Although subdivision (a) of section 26517 is doubt*688less intended to protect the public against an adulterated or mislabeled product, it speaks in other terms. The essence of the offense is not that the whisky is impure, but the fact that the package has been refilled. If the defendant has merely offered the liquor which the bottler originally put in the package, this subsection has not been violated regardless of what substance is found in the bottle.
In the present case the prosecution’s evidence did not prove directly that the solids were not in the whisky when bottled. The case rests entirely upon the hypothesis that genuine Seagram’s Y. O. Canadian Whisky will always be substantially the same as that which has been bottled under that label since 1945. It is reasonable enough to infer that this is true, but the inference is by no means conclusive proof. Although some brand-conscious individuals may be distressed to hear it, the court must recognize the possibility that the bottler of this whisky might sometime, either inadvertently or intentionally, put out a bottle whose contents deviate from the whisky theretofore found under the same label. The evidence in this case shows nothing about how the accused whisky or the control samples were manufactured or bottled, or when or by whom. There is no evidence as to whether such a variation in the quantity of dissolved solids is considered by the bottler to be of any importance. There is no indication of what precautions, if any, the manufacturer or bottler ordinarily takes to obtain uniformity of solids content.
Judicial notice may be taken of the federal statute requiring that a package containing distilled spirits be sealed with a revenue stamp. (26 U.S.C. § 5205.) Applying the presumption that the bottler complied with federal law (Code Civ.
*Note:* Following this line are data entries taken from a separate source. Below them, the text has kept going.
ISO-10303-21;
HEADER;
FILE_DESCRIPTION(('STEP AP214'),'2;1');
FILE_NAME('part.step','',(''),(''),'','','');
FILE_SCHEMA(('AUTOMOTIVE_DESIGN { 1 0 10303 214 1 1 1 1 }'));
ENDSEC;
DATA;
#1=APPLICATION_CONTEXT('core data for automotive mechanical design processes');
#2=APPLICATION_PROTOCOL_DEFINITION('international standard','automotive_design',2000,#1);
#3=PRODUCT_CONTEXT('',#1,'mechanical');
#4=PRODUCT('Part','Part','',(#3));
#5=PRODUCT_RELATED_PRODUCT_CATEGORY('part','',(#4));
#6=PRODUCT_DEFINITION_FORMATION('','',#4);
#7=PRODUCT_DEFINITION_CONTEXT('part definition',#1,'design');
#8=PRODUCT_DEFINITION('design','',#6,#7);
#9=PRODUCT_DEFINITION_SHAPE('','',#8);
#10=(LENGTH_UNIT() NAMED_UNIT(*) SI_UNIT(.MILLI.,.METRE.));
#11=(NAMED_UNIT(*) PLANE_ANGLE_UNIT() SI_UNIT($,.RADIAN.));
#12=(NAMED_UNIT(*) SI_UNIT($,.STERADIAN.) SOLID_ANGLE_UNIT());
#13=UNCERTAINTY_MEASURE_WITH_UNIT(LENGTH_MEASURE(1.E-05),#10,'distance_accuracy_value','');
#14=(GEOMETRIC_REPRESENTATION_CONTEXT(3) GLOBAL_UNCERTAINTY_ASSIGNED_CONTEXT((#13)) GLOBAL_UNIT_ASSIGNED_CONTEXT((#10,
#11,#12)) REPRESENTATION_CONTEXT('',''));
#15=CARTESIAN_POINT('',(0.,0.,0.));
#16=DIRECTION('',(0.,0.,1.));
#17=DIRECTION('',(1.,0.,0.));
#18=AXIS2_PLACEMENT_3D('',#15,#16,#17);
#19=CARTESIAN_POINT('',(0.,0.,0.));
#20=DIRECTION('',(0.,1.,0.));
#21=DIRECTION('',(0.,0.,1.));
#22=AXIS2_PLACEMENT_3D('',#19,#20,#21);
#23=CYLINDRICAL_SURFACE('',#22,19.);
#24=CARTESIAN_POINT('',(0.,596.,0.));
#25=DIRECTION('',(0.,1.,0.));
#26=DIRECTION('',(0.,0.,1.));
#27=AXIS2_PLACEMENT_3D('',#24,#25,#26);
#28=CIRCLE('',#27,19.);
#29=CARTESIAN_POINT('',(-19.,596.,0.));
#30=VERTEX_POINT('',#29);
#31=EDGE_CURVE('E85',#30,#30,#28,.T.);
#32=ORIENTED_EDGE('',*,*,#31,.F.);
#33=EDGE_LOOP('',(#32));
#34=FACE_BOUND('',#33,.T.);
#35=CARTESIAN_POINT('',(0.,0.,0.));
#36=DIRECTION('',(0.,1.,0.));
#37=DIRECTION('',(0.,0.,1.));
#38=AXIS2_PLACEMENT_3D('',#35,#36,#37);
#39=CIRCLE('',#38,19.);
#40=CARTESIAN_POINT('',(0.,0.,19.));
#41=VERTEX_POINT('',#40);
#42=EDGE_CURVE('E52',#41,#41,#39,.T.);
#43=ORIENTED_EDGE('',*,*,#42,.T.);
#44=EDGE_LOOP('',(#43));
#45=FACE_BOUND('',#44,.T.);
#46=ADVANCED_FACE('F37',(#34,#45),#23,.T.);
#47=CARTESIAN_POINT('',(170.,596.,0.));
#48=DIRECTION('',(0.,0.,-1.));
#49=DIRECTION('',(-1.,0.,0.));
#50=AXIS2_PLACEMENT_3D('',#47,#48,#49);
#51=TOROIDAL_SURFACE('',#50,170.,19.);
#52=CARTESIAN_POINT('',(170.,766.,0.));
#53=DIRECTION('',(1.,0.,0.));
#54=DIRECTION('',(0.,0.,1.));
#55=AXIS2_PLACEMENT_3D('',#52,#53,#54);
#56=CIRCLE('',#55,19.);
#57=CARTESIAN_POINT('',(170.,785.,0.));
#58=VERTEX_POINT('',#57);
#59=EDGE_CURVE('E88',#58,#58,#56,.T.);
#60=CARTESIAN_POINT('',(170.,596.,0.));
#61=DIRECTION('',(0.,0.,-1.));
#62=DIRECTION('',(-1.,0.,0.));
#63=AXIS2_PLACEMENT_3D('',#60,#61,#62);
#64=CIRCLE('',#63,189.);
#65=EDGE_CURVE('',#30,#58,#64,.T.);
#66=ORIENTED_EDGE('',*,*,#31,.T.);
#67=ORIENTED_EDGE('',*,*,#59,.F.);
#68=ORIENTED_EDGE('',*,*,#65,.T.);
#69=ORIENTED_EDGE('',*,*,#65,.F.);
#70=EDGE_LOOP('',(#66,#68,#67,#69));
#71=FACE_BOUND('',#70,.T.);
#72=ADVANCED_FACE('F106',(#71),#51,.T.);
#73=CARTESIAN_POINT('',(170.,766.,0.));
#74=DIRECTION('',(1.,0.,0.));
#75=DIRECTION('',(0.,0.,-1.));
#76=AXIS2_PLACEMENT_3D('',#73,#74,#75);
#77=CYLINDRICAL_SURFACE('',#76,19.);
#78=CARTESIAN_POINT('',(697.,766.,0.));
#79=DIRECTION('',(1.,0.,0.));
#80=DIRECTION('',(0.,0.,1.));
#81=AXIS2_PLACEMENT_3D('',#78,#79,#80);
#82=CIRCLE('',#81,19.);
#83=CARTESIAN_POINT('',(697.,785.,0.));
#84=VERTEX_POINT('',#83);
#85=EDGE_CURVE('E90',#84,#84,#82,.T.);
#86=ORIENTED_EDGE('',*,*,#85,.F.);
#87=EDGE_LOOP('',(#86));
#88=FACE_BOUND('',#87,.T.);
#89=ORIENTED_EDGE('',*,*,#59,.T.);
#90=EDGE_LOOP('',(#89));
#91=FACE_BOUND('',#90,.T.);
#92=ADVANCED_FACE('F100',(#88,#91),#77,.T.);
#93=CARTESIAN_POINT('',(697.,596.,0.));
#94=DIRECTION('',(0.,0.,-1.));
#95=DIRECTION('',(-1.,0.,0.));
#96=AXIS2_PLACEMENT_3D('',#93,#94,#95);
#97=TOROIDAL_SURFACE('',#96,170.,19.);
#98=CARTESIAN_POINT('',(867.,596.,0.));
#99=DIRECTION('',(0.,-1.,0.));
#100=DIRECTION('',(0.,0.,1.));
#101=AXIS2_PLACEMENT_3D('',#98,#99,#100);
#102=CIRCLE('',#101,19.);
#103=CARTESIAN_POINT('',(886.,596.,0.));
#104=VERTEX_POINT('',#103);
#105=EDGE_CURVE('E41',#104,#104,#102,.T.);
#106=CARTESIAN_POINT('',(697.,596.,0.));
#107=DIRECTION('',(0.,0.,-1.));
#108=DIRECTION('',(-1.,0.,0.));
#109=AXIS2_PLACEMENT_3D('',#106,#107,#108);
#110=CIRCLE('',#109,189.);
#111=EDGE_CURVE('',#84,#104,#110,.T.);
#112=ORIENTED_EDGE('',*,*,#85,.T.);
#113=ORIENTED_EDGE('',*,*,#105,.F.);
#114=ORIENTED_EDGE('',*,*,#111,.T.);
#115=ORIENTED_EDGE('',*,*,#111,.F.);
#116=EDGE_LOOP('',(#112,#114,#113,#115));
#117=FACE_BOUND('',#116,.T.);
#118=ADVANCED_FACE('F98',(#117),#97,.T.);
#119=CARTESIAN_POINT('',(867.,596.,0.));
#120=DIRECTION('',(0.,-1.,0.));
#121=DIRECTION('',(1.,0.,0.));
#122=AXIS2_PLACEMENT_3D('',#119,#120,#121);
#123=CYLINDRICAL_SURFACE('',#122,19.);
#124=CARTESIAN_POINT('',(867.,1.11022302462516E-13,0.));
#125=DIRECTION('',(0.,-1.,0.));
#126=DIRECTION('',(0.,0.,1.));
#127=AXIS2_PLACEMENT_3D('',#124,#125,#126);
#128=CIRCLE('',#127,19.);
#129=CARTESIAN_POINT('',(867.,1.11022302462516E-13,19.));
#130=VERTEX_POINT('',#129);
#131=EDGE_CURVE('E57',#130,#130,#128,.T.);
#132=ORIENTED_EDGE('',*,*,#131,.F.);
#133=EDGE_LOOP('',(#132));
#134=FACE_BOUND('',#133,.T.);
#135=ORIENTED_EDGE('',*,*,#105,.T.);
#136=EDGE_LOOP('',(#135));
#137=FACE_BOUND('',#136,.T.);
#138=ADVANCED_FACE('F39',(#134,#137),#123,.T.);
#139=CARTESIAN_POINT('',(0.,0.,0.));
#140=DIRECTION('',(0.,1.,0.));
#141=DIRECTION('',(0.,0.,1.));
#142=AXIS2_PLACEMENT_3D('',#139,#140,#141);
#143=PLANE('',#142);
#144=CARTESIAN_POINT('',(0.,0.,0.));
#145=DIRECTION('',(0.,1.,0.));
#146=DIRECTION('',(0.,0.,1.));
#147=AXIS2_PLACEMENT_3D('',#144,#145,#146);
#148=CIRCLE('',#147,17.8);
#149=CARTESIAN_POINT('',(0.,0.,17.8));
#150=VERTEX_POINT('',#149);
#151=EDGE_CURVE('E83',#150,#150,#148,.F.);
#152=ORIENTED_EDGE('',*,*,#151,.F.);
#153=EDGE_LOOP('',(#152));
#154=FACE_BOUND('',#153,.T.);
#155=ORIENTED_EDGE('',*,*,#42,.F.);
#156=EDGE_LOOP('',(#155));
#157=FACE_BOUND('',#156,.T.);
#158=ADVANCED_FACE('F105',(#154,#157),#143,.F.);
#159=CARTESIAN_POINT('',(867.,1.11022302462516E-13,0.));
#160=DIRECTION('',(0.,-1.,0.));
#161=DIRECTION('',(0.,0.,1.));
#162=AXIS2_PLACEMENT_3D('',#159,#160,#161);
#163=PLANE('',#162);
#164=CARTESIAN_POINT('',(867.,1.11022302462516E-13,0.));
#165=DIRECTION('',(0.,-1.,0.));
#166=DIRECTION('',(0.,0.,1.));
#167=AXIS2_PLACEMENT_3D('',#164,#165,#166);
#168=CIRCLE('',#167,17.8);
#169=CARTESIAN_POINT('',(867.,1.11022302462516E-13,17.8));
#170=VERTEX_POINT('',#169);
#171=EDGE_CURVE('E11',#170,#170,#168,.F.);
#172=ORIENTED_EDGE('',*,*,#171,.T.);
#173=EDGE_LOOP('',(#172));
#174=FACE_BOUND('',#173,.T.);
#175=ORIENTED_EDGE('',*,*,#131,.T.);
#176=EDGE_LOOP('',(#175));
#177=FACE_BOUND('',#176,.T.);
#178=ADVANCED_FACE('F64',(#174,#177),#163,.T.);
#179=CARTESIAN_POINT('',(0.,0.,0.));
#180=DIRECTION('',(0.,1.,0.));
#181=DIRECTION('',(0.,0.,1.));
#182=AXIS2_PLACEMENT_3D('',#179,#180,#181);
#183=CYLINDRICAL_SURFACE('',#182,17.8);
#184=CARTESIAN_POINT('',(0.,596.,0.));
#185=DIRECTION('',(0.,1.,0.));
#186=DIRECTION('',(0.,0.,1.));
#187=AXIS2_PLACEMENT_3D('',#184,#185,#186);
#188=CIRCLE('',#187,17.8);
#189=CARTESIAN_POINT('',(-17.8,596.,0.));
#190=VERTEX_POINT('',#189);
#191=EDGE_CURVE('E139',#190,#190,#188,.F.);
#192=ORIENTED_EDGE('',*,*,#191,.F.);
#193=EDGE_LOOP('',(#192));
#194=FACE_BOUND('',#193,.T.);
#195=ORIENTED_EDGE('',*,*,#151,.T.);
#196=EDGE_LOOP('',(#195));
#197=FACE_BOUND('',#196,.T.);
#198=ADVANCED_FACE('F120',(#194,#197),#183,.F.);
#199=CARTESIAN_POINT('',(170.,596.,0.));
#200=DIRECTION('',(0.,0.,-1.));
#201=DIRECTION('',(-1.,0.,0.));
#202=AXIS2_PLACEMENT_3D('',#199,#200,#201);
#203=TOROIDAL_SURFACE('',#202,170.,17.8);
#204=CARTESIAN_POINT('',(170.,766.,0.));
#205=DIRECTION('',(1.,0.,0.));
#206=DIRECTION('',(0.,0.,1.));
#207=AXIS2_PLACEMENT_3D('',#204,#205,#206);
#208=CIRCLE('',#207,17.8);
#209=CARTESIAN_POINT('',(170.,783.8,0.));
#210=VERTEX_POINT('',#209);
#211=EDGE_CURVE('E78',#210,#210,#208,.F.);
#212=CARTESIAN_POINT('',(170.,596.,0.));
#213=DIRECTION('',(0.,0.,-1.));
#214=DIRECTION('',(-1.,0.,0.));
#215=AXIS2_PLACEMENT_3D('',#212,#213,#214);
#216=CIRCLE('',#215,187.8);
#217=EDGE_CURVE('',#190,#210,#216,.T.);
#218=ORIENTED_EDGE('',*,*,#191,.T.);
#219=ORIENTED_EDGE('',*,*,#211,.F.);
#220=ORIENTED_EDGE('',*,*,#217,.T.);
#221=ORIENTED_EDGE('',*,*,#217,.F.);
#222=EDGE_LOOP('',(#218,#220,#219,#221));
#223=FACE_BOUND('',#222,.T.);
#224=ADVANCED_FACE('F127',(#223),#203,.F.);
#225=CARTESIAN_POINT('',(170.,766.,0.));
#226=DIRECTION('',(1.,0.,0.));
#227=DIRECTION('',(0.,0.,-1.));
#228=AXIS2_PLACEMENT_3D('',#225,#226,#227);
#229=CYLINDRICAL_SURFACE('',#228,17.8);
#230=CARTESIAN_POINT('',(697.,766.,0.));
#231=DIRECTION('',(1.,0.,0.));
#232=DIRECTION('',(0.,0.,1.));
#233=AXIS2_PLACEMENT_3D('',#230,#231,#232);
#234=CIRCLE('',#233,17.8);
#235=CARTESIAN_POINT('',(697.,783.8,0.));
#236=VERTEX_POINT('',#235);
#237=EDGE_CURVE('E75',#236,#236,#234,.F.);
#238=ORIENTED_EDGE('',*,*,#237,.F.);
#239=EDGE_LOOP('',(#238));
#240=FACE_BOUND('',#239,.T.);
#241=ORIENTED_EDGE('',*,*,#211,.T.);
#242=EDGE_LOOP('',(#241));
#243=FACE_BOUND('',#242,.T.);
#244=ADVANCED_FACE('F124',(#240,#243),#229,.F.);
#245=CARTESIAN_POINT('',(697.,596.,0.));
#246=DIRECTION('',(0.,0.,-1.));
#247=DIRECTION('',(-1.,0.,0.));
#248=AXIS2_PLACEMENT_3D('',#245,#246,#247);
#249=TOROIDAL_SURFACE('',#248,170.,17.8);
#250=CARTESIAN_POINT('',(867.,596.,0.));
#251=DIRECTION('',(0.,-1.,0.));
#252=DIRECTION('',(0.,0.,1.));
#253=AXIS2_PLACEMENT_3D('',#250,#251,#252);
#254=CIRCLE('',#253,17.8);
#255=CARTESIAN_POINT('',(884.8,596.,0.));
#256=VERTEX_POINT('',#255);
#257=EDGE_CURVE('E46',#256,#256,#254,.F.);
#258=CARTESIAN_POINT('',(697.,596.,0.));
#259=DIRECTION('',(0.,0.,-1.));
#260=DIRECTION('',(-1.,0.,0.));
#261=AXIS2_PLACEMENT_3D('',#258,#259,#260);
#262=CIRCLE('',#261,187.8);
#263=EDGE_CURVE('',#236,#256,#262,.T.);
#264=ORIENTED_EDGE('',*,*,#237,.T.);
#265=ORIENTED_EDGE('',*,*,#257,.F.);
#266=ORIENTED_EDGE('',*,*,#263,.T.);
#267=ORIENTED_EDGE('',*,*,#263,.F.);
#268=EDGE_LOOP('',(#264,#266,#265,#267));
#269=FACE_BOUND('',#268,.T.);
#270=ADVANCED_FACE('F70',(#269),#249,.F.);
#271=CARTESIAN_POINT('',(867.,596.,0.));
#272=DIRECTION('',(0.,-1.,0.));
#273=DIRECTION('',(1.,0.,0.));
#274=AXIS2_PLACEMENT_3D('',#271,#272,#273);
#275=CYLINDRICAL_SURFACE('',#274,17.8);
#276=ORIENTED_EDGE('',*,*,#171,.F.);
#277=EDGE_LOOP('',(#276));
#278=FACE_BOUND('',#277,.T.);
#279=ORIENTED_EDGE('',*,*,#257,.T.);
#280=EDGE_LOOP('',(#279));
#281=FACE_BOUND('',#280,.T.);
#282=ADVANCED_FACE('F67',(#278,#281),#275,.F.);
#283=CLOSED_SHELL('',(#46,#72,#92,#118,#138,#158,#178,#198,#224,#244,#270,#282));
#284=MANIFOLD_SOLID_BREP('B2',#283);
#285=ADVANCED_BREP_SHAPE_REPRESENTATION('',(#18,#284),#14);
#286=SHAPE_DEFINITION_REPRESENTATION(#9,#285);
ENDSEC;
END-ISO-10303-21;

Proc., § 1963, subds. 1, 20, and 33), one may infer that if the package reached defendant with the stamp intact, it had not up to that time been refilled.
The testimony of the bartenders was offered not merely to show that defendant had not refilled the bottles, but that no one had refilled them. It was error to reject this evidence. If the jury had heard and believed the testimony of the bartenders, it could have concluded that the substance in the accused bottles was exactly what had come from the bottler in a sealed container, and that the bottler had put out a product which deviated in solids content from *689his former product, or that the chemists had made an error in their analysis.
The judgment is reversed. The order denying a new trial is not appealable (Pen. Code, § 1466) and hence the appeal from the order is dismissed.
Shinn, P. J., and Ford, J., concurred.
Subdivision (a) of section 26517 of the Health and Safety Code reads: "No person shall sell, offer for sale, or keep for sale distilled spirits in any package which has been refilled or partly refilled. ’ ’
Formerly Rules on Transfer of Municipal and Justice Court Appeals, rule 63.
Formerly Buies on Transfer of Municipal and Justice Court Appeals, rule 62.